BEGIN

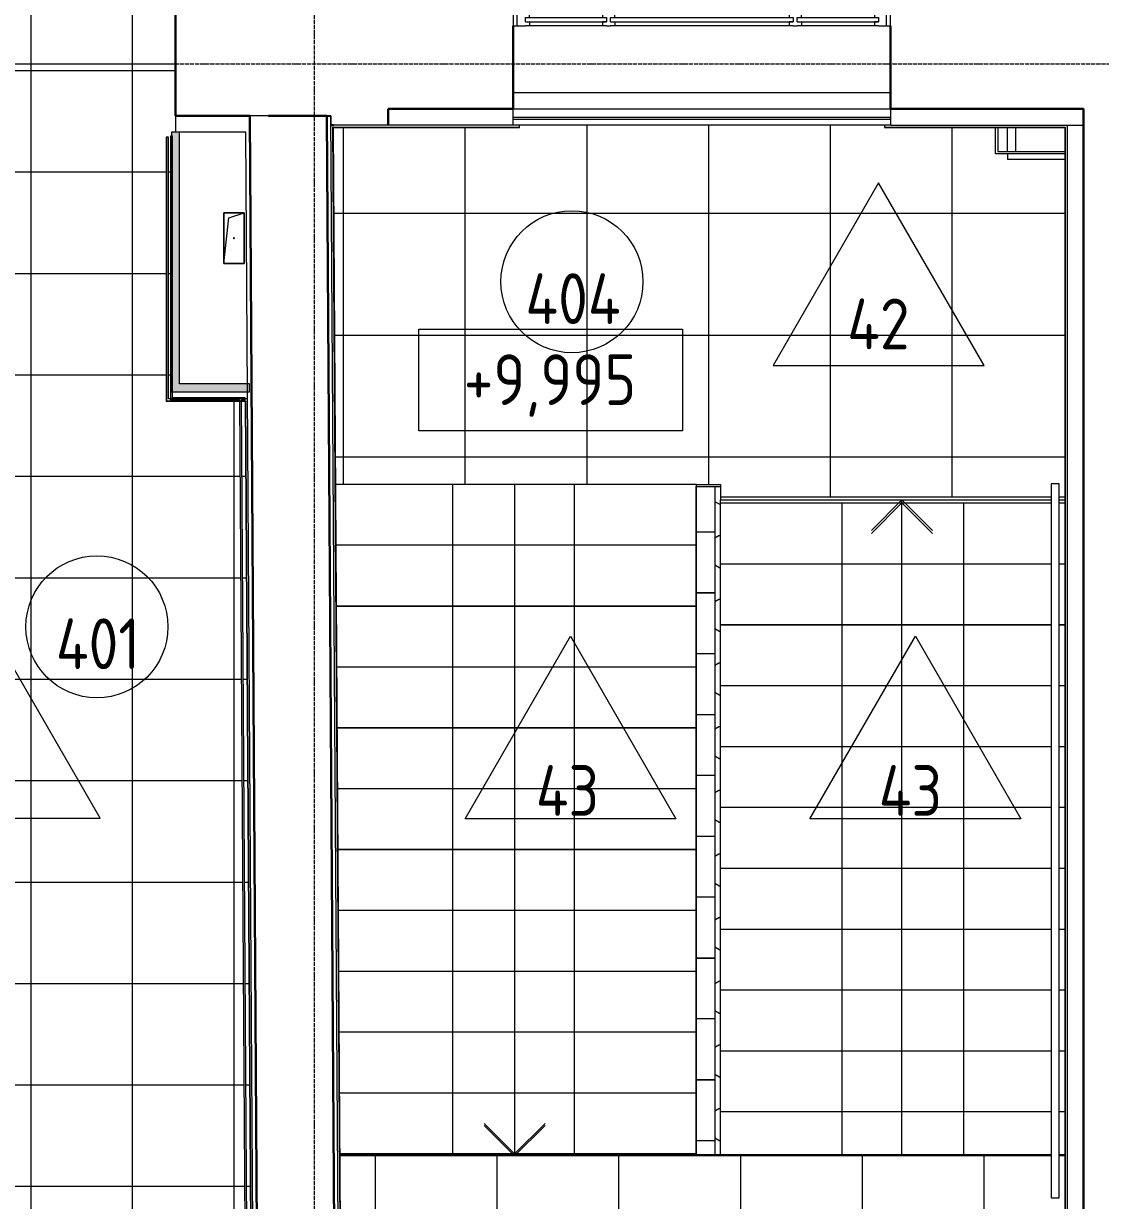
# Model space of a CAD drawing. Header units: millimetres. Extents: x -10915 to 62537, y -37640 to 44223.
# Drawn here: x 1565 to 6873, y 14642 to 20443 of the extents above; entities that cross this region are included whole.
import ezdxf

# ---------------------------------------------------------------- set-up
doc = ezdxf.new("R2010")
doc.units = ezdxf.units.MM
doc.linetypes.add('ADSK_Линия сетки', pattern=[25, 20, -2.5, 0, -2.5])
for name, color, linetype, lineweight in [('_ Окна', 7, 'Continuous', 9), ('Аннотация', 7, 'Continuous', 20), ('Лестницы', 7, 'Continuous', 9), ('Марки', 7, 'Continuous', 20), ('Марки помещений', 7, 'Continuous', 20), ('Обобщенные модели', 7, 'Continuous', 18), ('Окна', 7, 'Continuous', 9), ('Оси', 7, 'Continuous', 9), ('Отметки', 7, 'Continuous', 9), ('Перекрытие', 7, 'Continuous', 18), ('Перекрытие штриховка', 7, 'Continuous', 18), ('Потолки', 7, 'Continuous', 9), ('Потолки штриховка', 7, 'Continuous', 9), ('Стены внутренние', 7, 'Continuous', 18), ('Стены наружные', 7, 'Continuous', 18), ('Стены несущие', 7, 'Continuous', 30), ('Стены отделка', 7, 'Continuous', 30), ('Стены штриховка', 7, 'Continuous', 9), ('Стрелки вверх', 7, 'Continuous', 18)]:
    doc.layers.add(name, color=color, linetype=linetype, lineweight=lineweight)
doc.layers.add('Линии', color=7, linetype='Continuous', lineweight=9, true_color=0x00a600)
doc.styles.add('GOST Common_1', font='GOST_Common.ttf', dxfattribs={"width": 0.9, "height": 250})
doc.styles.add('GOST Common_2', font='GOST_Common.ttf', dxfattribs={"width": 0.9, "height": 250})
pattern_1 = [(0, (4880.8, 18171.4), (0, 600), []), (90, (4880.8, 18171.4), (-600, 4e-14), [])]
pattern_2 = [(180, (5000, 14480.06), (-7e-14, -600), []), (270, (5000, 14480.06), (600, 4e-14), [])]
pattern_3 = [(0, (4980.8, 18236.54), (0, 600), []), (90, (4980.8, 18236.54), (-600, 4e-14), [])]

# ---------------------------------------------------------------- blocks, each defined once
blk = doc.blocks.new('окно трехпол с фрамугой - 1820-2200_h___нов_ ок-20-2116897-План полов 4-го этажа')
at = {"layer": '_ Окна', "lineweight": 18}
for p, q in [((-850, 175), (-930, 175)), ((-930, 175), (-930, 115)), ((-850, 155), (-850, 175)), ((-430, 175), (-490, 175)), ((-490, 175), (-490, 155)), ((-430, 155), (-430, 175)), ((490, 175), (430, 175)), ((430, 175), (430, 155)), ((490, 155), (490, 175)), ((850, 175), (850, 155)), ((930, 175), (850, 175)), ((930, 115), (930, 175)), ((-870, 135), (-870, 155)), ((-870, 155), (-850, 155)), ((-870, 135), (-850, 135)), ((-850, 135), (-850, 115)), ((-490, 155), (-470, 155)), ((-490, 135), (-490, 115)), ((-470, 135), (-490, 135)), ((-470, 155), (-470, 135)), ((-450, 135), (-450, 155)), ((-450, 155), (-430, 155)), ((-450, 135), (-430, 135)), ((-430, 135), (-430, 115)), ((430, 155), (450, 155)), ((430, 135), (430, 115)), ((450, 135), (430, 135)), ((450, 155), (450, 135)), ((470, 135), (470, 155)), ((470, 155), (490, 155)), ((470, 135), (490, 135)), ((490, 135), (490, 115)), ((850, 155), (870, 155)), ((850, 135), (850, 115)), ((870, 135), (850, 135)), ((870, 155), (870, 135)), ((-930, 115), (-870, 115)), ((-850, 115), (-870, 115)), ((-470, 115), (-490, 115)), ((-470, 115), (-450, 115)), ((-430, 115), (-450, 115)), ((450, 115), (430, 115)), ((450, 115), (470, 115)), ((490, 115), (470, 115)), ((870, 115), (850, 115)), ((870, 115), (930, 115))]:
    blk.add_line(p, q, dxfattribs=at)
at = {"layer": '_ Окна'}
for p, q in [((-910, 115), (-910, 175)), ((910, 115), (910, 175)), ((-870, 135), (-470, 135)), ((-850, 155), (-490, 155)), ((-450, 135), (450, 135)), ((-430, 155), (430, 155)), ((470, 135), (870, 135)), ((490, 155), (850, 155))]:
    blk.add_line(p, q, dxfattribs=at)
at = {"layer": 'Окна'}
for p, q in [((-850, 175), (-490, 175)), ((-430, 175), (430, 175)), ((490, 175), (850, 175)), ((-490, 115), (-850, 115)), ((430, 115), (-430, 115)), ((850, 115), (490, 115))]:
    blk.add_line(p, q, dxfattribs=at)
blk = doc.blocks.new('GM_Отверстие прямоугольное _в плите_ - Отверстие-3906246-План полов 4-го этажа')
at = {"layer": 'Обобщенные модели'}
for p, q in [((-50, -125), (-50, 125)), ((-50, 125), (50, 125)), ((50, 125), (-50, 125)), ((-50, 125), (-50, -125)), ((-25, 100), (50, 125)), ((50, 125), (50, -125)), ((50, -125), (50, 125)), ((-50, -125), (-25, 100)), ((50, -125), (-50, -125)), ((-50, -125), (50, -125))]:
    blk.add_line(p, q, dxfattribs=at)
for start, end in [(360, 180), (180, 360), (60, 165), (300, 360), (195, 270)]:
    blk.add_arc((0, 0), 2.5, start, end, dxfattribs=at)
blk = doc.blocks.new('ADSK_Марка_Помещение_ОдноЗначение - Номер-159740-План полов 4-го этажа')
at = {"layer": 'Марки помещений'}
blk.add_circle((0, 0), 3.5, dxfattribs=at)
blk = doc.blocks.new('ADSK_Марка_ПерекрытиеПол - Экземпляр_Отделка пола-158379-План полов 4-го этажа')
at = {"layer": 'Марки', "color": 1, "true_color": 0xff0000}
for p, q in [((0, 9), (-5.196, 0)), ((5.196, 0), (0, 9)), ((-5.196, 0), (5.196, 0))]:
    blk.add_line(p, q, dxfattribs=at)
blk = doc.blocks.new('Высотные отметки - Рамка-12095-План полов 4-го этажа')
at = {"layer": 'Аннотация'}
for p, q in [((-6.5, 0), (-6.5, 5)), ((-6.5, 5), (6.5, 5)), ((6.5, 5), (6.5, 0)), ((6.5, 0), (-6.5, 0))]:
    blk.add_line(p, q, dxfattribs=at)

msp = doc.modelspace()

# ---------------------------------------------------------------- hatches: boundary and pattern name
at = {"layer": 'Лестницы', "true_color": 0x787878}
h = msp.add_hatch(dxfattribs=at)
h.set_pattern_fill('FP_22', color=8, style=0, pattern_type=2)
h.set_pattern_definition(pattern_1)
h.paths.add_polyline_path([(3105.67, 17871.373), (4880.798, 17871.373), (4880.798, 18171.373), (3103.733, 18171.373), (3103.798, 18161.373)])
h = msp.add_hatch(dxfattribs=at)
h.set_pattern_fill('FP_26', color=8, style=0, pattern_type=2)
h.set_pattern_definition(pattern_3)
h.paths.add_polyline_path([(4881.268, 17936.542), (4971.881, 17936.542), (4971.881, 18161.373), (4881.268, 18160.863)])
h = msp.add_hatch(dxfattribs=at)
h.set_pattern_fill('FP_23', color=8, style=0, pattern_type=2)
h.set_pattern_definition(pattern_2)
h.paths.add_polyline_path([(6670, 17780.063), (6698, 17780.063), (6698, 18080.063), (6670, 18080.063)])
h.paths.add_polyline_path([(5666.098, 17780.063), (6630, 17780.063), (6630, 18080.063), (5000, 18080.063), (5000, 17780.063)])
h = msp.add_hatch(dxfattribs=at)
h.set_pattern_fill('FP_26', color=8, style=0, pattern_type=2)
h.set_pattern_definition(pattern_3)
h.paths.add_polyline_path([(4971.881, 17636.542), (4971.881, 17936.542), (4881.268, 17936.542), (4881.268, 17636.542)])
h = msp.add_hatch(dxfattribs=at)
h.set_pattern_fill('FP_22', color=8, style=0, pattern_type=2)
h.set_pattern_definition(pattern_1)
h.paths.add_polyline_path([(3107.606, 17571.373), (4880.798, 17571.373), (4880.798, 17871.373), (3105.67, 17871.373), (3107.283, 17621.376)])
h = msp.add_hatch(dxfattribs=at)
h.set_pattern_fill('FP_23', color=8, style=0, pattern_type=2)
h.set_pattern_definition(pattern_2)
h.paths.add_polyline_path([(6630, 17480.063), (6630, 17780.063), (5000, 17780.063), (5000, 17480.063), (5666.098, 17480.063)])
h.paths.add_polyline_path([(6698, 17480.063), (6698, 17780.063), (6670, 17780.063), (6670, 17480.063), (6694.574, 17480.063)])
h = msp.add_hatch(dxfattribs=at)
h.set_pattern_fill('FP_26', color=8, style=0, pattern_type=2)
h.set_pattern_definition(pattern_3)
h.paths.add_polyline_path([(4881.268, 17336.542), (4971.881, 17336.542), (4971.881, 17636.542), (4881.268, 17636.542), (4881.268, 17503.854)])
h = msp.add_hatch(dxfattribs=at)
h.set_pattern_fill('FP_22', color=8, style=0, pattern_type=2)
h.set_pattern_definition(pattern_1)
h.paths.add_polyline_path([(3139.078, 17271.373), (4880.798, 17271.373), (4880.798, 17571.373), (3107.606, 17571.373), (3110.003, 17271.373), (3137.078, 17271.373)])
h = msp.add_hatch(dxfattribs=at)
h.set_pattern_fill('FP_23', color=8, style=0, pattern_type=2)
h.set_pattern_definition(pattern_2)
h.paths.add_polyline_path([(6698, 17180.063), (6698, 17480.063), (6670, 17480.063), (6670, 17180.063), (6694.574, 17180.063)])
h.paths.add_polyline_path([(5000, 17180.063), (6630, 17180.063), (6630, 17480.063), (5000, 17480.063)])
h = msp.add_hatch(dxfattribs=at)
h.set_pattern_fill('FP_26', color=8, style=0, pattern_type=2)
h.set_pattern_definition(pattern_3)
h.paths.add_polyline_path([(4971.881, 17036.542), (4971.881, 17336.542), (4881.268, 17336.542), (4881.268, 17036.542)])
h = msp.add_hatch(dxfattribs=at)
h.set_pattern_fill('FP_22', color=8, style=0, pattern_type=2)
h.set_pattern_definition(pattern_1)
h.paths.add_polyline_path([(3111.479, 16971.373), (4880.798, 16971.373), (4880.798, 17271.373), (3109.543, 17271.373), (3110.172, 17173.811)])
h = msp.add_hatch(dxfattribs=at)
h.set_pattern_fill('FP_23', color=8, style=0, pattern_type=2)
h.set_pattern_definition(pattern_2)
h.paths.add_polyline_path([(6698, 16880.063), (6698, 17180.063), (6670, 17180.063), (6670, 16880.063), (6694.574, 16880.063)])
h.paths.add_polyline_path([(5000, 16880.063), (6630, 16880.063), (6630, 17180.063), (5000, 17180.063)])
h = msp.add_hatch(dxfattribs=at)
h.set_pattern_fill('FP_26', color=8, style=0, pattern_type=2)
h.set_pattern_definition(pattern_3)
h.paths.add_polyline_path([(4881.268, 16736.542), (4971.881, 16736.542), (4971.881, 17036.542), (4881.268, 17036.542), (4881.268, 16762.93)])
h = msp.add_hatch(dxfattribs=at)
h.set_pattern_fill('FP_22', color=8, style=0, pattern_type=2)
h.set_pattern_definition(pattern_1)
h.paths.add_polyline_path([(3139.078, 16671.373), (4880.798, 16671.373), (4880.798, 16971.373), (3111.479, 16971.373), (3113.416, 16671.373), (3137.078, 16671.373)])
h = msp.add_hatch(dxfattribs=at)
h.set_pattern_fill('FP_23', color=8, style=0, pattern_type=2)
h.set_pattern_definition(pattern_2)
h.paths.add_polyline_path([(6698, 16580.063), (6698, 16880.063), (6670, 16880.063), (6670, 16580.063), (6694.574, 16580.063)])
h.paths.add_polyline_path([(5666.098, 16580.063), (6630, 16580.063), (6630, 16880.063), (5000, 16880.063), (5000, 16580.063)])
h = msp.add_hatch(dxfattribs=at)
h.set_pattern_fill('FP_26', color=8, style=0, pattern_type=2)
h.set_pattern_definition(pattern_3)
h.paths.add_polyline_path([(4971.881, 16436.542), (4971.881, 16736.542), (4881.268, 16736.542), (4881.268, 16436.542)])
h = msp.add_hatch(dxfattribs=at)
h.set_pattern_fill('FP_22', color=8, style=0, pattern_type=2)
h.set_pattern_definition(pattern_1)
h.paths.add_polyline_path([(3139.078, 16371.373), (4880.798, 16371.373), (4880.798, 16671.373), (3113.416, 16671.373), (3115.352, 16371.373), (3137.078, 16371.373)])
h = msp.add_hatch(dxfattribs=at)
h.set_pattern_fill('FP_23', color=8, style=0, pattern_type=2)
h.set_pattern_definition(pattern_2)
h.paths.add_polyline_path([(6698, 16280.063), (6698, 16580.063), (6670, 16580.063), (6670, 16280.063), (6694.574, 16280.063)])
h.paths.add_polyline_path([(5000, 16280.063), (6630, 16280.063), (6630, 16580.063), (5000, 16580.063)])
h = msp.add_hatch(dxfattribs=at)
h.set_pattern_fill('FP_26', color=8, style=0, pattern_type=2)
h.set_pattern_definition(pattern_3)
h.paths.add_polyline_path([(4971.881, 16136.542), (4971.881, 16436.542), (4881.268, 16436.542), (4881.268, 16136.542)])
h = msp.add_hatch(dxfattribs=at)
h.set_pattern_fill('FP_22', color=8, style=0, pattern_type=2)
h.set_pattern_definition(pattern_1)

END

**THE PROBLEM:**
Please go through the data above and copy every line that has the word "Аннотация".

**SOLUTION TO THE PROBLEM:**
for name, color, linetype, lineweight in [('_ Окна', 7, 'Continuous', 9), ('Аннотация', 7, 'Continuous', 20), ('Лестницы', 7, 'Continuous', 9), ('Марки', 7, 'Continuous', 20), ('Марки помещений', 7, 'Continuous', 20), ('Обобщенные модели', 7, 'Continuous', 18), ('Окна', 7, 'Continuous', 9), ('Оси', 7, 'Continuous', 9), ('Отметки', 7, 'Continuous', 9), ('Перекрытие', 7, 'Continuous', 18), ('Перекрытие штриховка', 7, 'Continuous', 18), ('Потолки', 7, 'Continuous', 9), ('Потолки штриховка', 7, 'Continuous', 9), ('Стены внутренние', 7, 'Continuous', 18), ('Стены наружные', 7, 'Continuous', 18), ('Стены несущие', 7, 'Continuous', 30), ('Стены отделка', 7, 'Continuous', 30), ('Стены штриховка', 7, 'Continuous', 9), ('Стрелки вверх', 7, 'Continuous', 18)]:
at = {"layer": 'Аннотация'}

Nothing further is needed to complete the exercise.